Instructions for the task - Below are records; report the number of lines in them that include the word "Vref", with no other text.

Exercise material -
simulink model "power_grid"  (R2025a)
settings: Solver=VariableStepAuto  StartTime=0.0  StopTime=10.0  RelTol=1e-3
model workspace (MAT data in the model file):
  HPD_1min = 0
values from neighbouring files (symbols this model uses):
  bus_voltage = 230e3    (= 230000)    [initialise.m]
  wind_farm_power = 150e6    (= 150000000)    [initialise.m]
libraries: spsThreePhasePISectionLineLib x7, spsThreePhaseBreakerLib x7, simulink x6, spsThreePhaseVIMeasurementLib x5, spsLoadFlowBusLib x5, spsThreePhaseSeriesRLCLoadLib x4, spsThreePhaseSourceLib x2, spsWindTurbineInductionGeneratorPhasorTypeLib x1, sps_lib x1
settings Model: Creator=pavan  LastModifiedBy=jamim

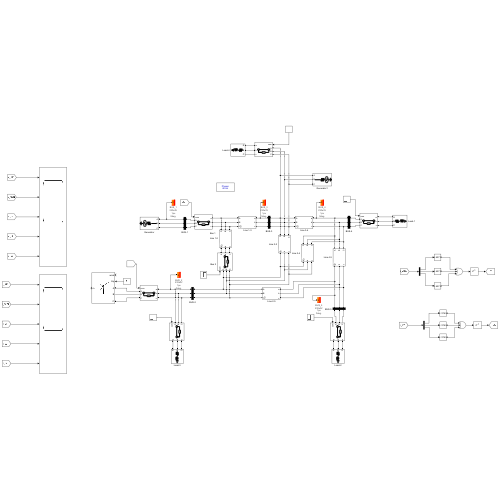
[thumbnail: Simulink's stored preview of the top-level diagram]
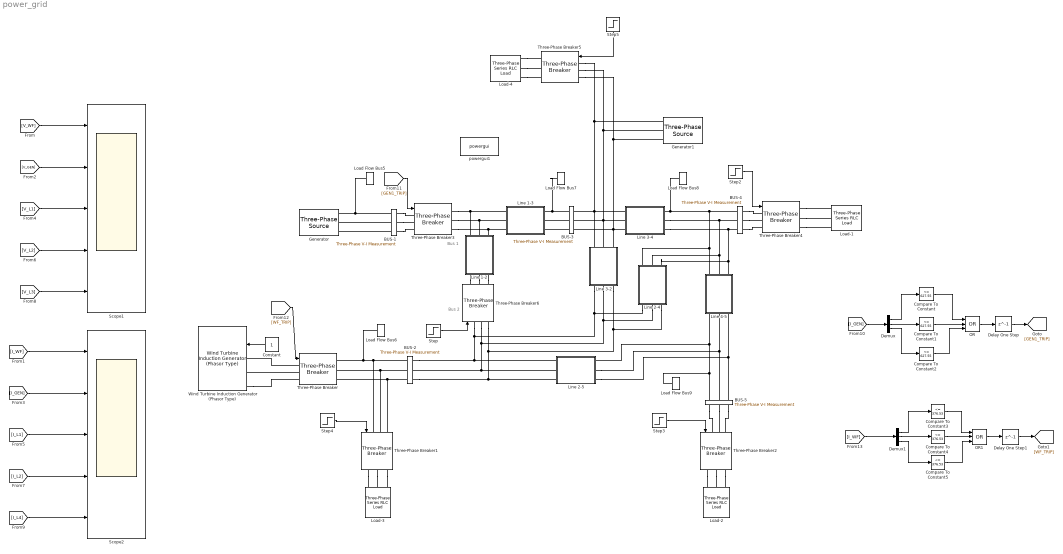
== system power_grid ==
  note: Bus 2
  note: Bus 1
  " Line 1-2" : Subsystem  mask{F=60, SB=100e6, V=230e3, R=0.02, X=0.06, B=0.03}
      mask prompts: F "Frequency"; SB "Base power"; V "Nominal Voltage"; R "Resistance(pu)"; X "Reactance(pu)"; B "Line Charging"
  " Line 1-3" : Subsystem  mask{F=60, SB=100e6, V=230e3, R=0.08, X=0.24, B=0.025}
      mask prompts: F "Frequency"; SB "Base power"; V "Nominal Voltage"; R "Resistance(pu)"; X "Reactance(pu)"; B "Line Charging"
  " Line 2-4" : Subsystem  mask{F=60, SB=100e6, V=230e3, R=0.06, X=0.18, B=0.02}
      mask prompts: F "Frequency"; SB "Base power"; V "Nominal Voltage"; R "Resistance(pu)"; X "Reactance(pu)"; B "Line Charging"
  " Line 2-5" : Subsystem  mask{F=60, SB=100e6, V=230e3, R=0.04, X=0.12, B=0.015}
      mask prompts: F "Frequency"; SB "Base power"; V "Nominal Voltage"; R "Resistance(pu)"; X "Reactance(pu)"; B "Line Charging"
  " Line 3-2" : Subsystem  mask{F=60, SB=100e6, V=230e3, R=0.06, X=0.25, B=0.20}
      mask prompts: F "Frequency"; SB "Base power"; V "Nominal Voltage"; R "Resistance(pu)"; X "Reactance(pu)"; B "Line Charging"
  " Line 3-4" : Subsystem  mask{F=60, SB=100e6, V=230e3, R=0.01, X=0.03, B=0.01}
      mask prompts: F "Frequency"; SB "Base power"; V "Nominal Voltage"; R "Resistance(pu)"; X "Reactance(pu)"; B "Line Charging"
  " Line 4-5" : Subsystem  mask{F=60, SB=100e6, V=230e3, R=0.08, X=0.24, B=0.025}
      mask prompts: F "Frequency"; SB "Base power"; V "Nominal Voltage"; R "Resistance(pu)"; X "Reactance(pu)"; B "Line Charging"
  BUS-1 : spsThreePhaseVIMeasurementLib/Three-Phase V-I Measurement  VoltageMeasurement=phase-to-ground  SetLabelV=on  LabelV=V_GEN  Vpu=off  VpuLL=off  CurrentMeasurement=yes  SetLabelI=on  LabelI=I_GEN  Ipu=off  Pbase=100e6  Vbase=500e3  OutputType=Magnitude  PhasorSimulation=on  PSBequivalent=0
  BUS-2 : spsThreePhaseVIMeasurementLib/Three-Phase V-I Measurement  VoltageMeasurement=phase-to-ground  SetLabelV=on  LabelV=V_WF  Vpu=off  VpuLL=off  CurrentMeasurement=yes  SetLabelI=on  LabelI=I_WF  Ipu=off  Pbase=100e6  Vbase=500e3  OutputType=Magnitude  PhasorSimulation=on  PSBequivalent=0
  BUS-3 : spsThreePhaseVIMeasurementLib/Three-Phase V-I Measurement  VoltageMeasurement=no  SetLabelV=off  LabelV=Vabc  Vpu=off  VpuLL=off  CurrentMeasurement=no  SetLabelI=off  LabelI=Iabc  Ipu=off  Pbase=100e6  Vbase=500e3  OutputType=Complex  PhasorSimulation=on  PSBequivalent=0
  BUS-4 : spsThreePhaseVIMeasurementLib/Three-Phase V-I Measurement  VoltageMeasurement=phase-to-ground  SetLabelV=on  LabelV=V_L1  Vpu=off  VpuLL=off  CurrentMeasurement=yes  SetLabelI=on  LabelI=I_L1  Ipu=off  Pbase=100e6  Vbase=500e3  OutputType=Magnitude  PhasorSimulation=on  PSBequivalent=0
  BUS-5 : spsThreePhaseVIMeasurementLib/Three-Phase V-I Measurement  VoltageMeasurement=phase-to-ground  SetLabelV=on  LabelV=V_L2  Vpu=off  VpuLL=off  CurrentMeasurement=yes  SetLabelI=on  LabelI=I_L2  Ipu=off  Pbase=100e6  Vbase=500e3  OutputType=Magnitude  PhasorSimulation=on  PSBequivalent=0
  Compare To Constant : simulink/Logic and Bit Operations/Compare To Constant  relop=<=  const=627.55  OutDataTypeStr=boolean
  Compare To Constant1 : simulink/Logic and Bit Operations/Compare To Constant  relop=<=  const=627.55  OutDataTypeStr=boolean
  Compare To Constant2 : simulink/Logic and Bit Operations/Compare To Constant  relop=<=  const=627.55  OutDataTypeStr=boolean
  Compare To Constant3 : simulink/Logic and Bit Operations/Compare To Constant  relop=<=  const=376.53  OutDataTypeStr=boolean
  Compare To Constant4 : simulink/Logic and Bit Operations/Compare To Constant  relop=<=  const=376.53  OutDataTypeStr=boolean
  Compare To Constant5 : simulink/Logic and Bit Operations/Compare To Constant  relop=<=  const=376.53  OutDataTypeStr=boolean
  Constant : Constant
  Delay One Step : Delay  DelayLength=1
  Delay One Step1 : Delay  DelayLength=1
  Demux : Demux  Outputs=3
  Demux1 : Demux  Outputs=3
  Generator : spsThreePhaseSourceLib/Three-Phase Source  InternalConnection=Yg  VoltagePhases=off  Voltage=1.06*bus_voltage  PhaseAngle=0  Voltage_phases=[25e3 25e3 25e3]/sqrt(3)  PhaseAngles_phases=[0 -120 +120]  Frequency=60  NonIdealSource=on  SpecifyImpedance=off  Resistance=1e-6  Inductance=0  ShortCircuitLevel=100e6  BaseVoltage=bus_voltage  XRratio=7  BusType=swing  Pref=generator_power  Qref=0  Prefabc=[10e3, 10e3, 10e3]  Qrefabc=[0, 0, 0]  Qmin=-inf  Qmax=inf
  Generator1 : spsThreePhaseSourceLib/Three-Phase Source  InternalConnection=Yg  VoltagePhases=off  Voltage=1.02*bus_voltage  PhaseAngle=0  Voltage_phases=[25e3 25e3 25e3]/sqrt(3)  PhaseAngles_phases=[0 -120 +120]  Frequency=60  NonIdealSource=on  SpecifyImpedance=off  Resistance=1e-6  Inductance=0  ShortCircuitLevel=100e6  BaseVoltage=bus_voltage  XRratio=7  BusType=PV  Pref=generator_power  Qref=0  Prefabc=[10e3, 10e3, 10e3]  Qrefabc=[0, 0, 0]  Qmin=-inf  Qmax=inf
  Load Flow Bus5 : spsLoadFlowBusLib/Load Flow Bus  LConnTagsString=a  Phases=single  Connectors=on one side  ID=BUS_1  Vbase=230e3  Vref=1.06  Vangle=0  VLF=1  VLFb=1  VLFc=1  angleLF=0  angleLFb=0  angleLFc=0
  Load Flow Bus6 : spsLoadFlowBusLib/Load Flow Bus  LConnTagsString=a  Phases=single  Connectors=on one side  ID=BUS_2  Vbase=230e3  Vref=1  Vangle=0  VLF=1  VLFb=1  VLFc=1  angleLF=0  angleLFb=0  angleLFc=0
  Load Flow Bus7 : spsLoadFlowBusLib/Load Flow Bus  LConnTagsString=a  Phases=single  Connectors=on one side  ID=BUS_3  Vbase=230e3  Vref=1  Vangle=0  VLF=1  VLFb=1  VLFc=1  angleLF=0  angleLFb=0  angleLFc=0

Solution for this problem - 3